In this paper, we present an alternative regularizer, termed as Glocalization Pursuit Regularizer, which respects both the globality and the locality of data manifold so that the shortcomings of the Laplacian regularizer can be avoided to some extent. The new regularizer can be proved to characterize the manifold more compactly than the Laplacian regularizer. We further introduce the new regularizer into SVM and present an alternative graph-based SVM, called as Glocalization Pursuit Support Vector Machine (GPSVM). GPSVM not only possesses the merits of both SVM and LapSVM but also captures the local and global structural information more reasonably. Experiments are conducted to demonstrate the superiority of our proposed GPSVM algorithm compared well with SVM and LapSVM.

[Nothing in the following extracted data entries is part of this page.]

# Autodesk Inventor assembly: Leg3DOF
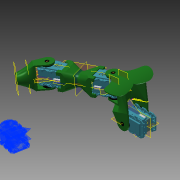
[picture p0: Inventor's stored thumbnail of the model, 180x180]
Saved by Autodesk Inventor 2015 (Build 190159000, 159)
## iProperties
Created: 2015-03-02
Part Number: Leg3DOF
Document SubType Name: Assembly
Designer: Henke
Author: Henke
## Documents named in this file (5)
- D:\Study_and_Projects\KTH\KEX i robotik\CAD\Leg3DOF.iam
- D:\Study_and_Projects\KTH\KEX i robotik\CAD\Servo with wheel.iam
- D:\Study_and_Projects\KTH\KEX i robotik\CAD\StraightConnector.ipt
- D:\Study_and_Projects\KTH\KEX i robotik\CAD\FootConnector.ipt
- D:\Study_and_Projects\KTH\KEX i robotik\CAD\HipConnector.ipt
## Components (6 placed, 4 different names)
1. Servo with wheel:1 [sub-assembly] — Rotational:1
2. Servo with wheel:2 [sub-assembly] — Rotational:2, Mate:7, Mate:9, Mate:11
3. Servo with wheel:3 [sub-assembly] — Mate:5, Mate:6, Mate:8, Mate:10, Mate:12
4. StraightConnector:1 — Mate:7, Mate:8, Mate:9, Mate:10, Mate:11, Mate:12
5. FootConnector:1 — Mate:5, Mate:6
6. HipConnector:1 — Rotational:1, Rotational:2
## Relationships (10: Mate 8, RevoluteJoint 2)
- Mate:5: Servo with wheel:3 ↔ FootConnector:1
- Mate:6: Servo with wheel:3 ↔ FootConnector:1
- Rotational:1 [RevoluteJoint]: Servo with wheel:1 ↔ HipConnector:1
- Rotational:2 [RevoluteJoint]: Servo with wheel:2 ↔ HipConnector:1
- Mate:7: Servo with wheel:2 ↔ StraightConnector:1
- Mate:8: Servo with wheel:3 ↔ StraightConnector:1
- Mate:9: Servo with wheel:2 ↔ StraightConnector:1
- Mate:10: Servo with wheel:3 ↔ StraightConnector:1
- Mate:11: Servo with wheel:2 ↔ StraightConnector:1
- Mate:12: Servo with wheel:3 ↔ StraightConnector:1
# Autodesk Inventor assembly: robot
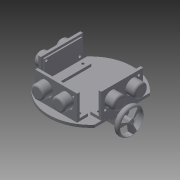
[picture p0: Inventor's stored thumbnail of the model, 180x180]
Saved by Autodesk Inventor 2015 (Build 190159000, 159)
## iProperties
Created: 2014-10-25
Part Number: robot
Document SubType Name: Assembly
Designer: Colin
Author: Colin
## Documents named in this file (4)
- E:\Users\Colin\Documents\college\marc\MicroMouse\robot.iam
- E:\Users\Colin\Documents\college\marc\MicroMouse\base.ipt
- E:\Users\Colin\Documents\college\marc\MicroMouse\wheel_assembly.iam
- E:\Users\Colin\Documents\college\marc\MicroMouse\ping_assembly.iam
## Components (6 placed, 3 different names)
1. base:1 — Flush:1, Flush:2, Mate:5, Mate:7, Mate:8, Mate:9, Mate:10, Flush:3, Mate:11, Flush:4, Mate:12, Mate:13, Flush:6, Mate:14
2. wheel_assembly:1 [sub-assembly] — Flush:1, Mate:5, Mate:8
3. wheel_assembly:2 [sub-assembly] — Flush:2, Mate:7, Mate:9
4. ping_assembly:1 [sub-assembly] — Flush:4, Mate:12, Flush:5
5. ping_assembly:2 [sub-assembly] — Mate:13, Flush:6, Mate:14
6. ping_assembly:3 [sub-assembly] — Mate:10, Flush:3, Mate:11, Flush:5
## Relationships (15: Mate 9, Flush 6)
- Flush:1: base:1 ↔ wheel_assembly:1
- Flush:2: base:1 ↔ wheel_assembly:2
- Mate:5: base:1 ↔ wheel_assembly:1
- Mate:7: base:1 ↔ wheel_assembly:2
- Mate:8 (46.9011 mm): base:1 ↔ wheel_assembly:1
- Mate:9 (20.3073 mm): base:1 ↔ wheel_assembly:2
- Mate:10: base:1 ↔ ping_assembly:3
- Flush:3: base:1 ↔ ping_assembly:3
- Mate:11 (8.0772 mm): base:1 ↔ ping_assembly:3
- Flush:4: base:1 ↔ ping_assembly:1
- Mate:12: base:1 ↔ ping_assembly:1
- Flush:5: ping_assembly:1 ↔ ping_assembly:3
- Mate:13: base:1 ↔ ping_assembly:2
- Flush:6 (12.7 mm): base:1 ↔ ping_assembly:2
- Mate:14 (-5.08 mm): base:1 ↔ ping_assembly:2

The rest of the paper is organized as follows. Section 2 introduces the related works. Glocalization Pursuit Support Vector Machine is presented in Sect. 3. Section 4 gives the experimental results. Some conclusions are drawn in Sect. 5.

2 Related work

2.1 Support vector machine (SVM)

Here, we outline SVM to binary classification problems. Given a training set \( \left\{ {\user2{x}_{i} ,y_{i} } \right\}_{i = 1}^{n} \in \user2{R}^{m} \times \{ \pm 1\} \), the objective of SVM is to learn a classifier f that can maximize the margin between classes [23]:

$$ \mathop {\min }\limits_{{f \in H_{K} }} \,\frac{1}{n}\sum\limits_{i = 1}^{n} {\left( {1 - y_{i} f(\user2{x}_{i} )} \right)_{ + } } + \gamma \left\| \user2{f} \right\|_{K}^{2} $$
(10)

where \( 1 - yf(\user2{x})_{ + } = \max \left( {0,1 - yf(\user2{x})} \right) \) is the hinge loss function. \( \left\| \user2{f} \right\|_{K}^{2} \) is the standard Tikhonov regularizer in an appropriately chosen RKHS that imposes smoothness conditions on possible solutions. γ is the corresponding regularizer parameter.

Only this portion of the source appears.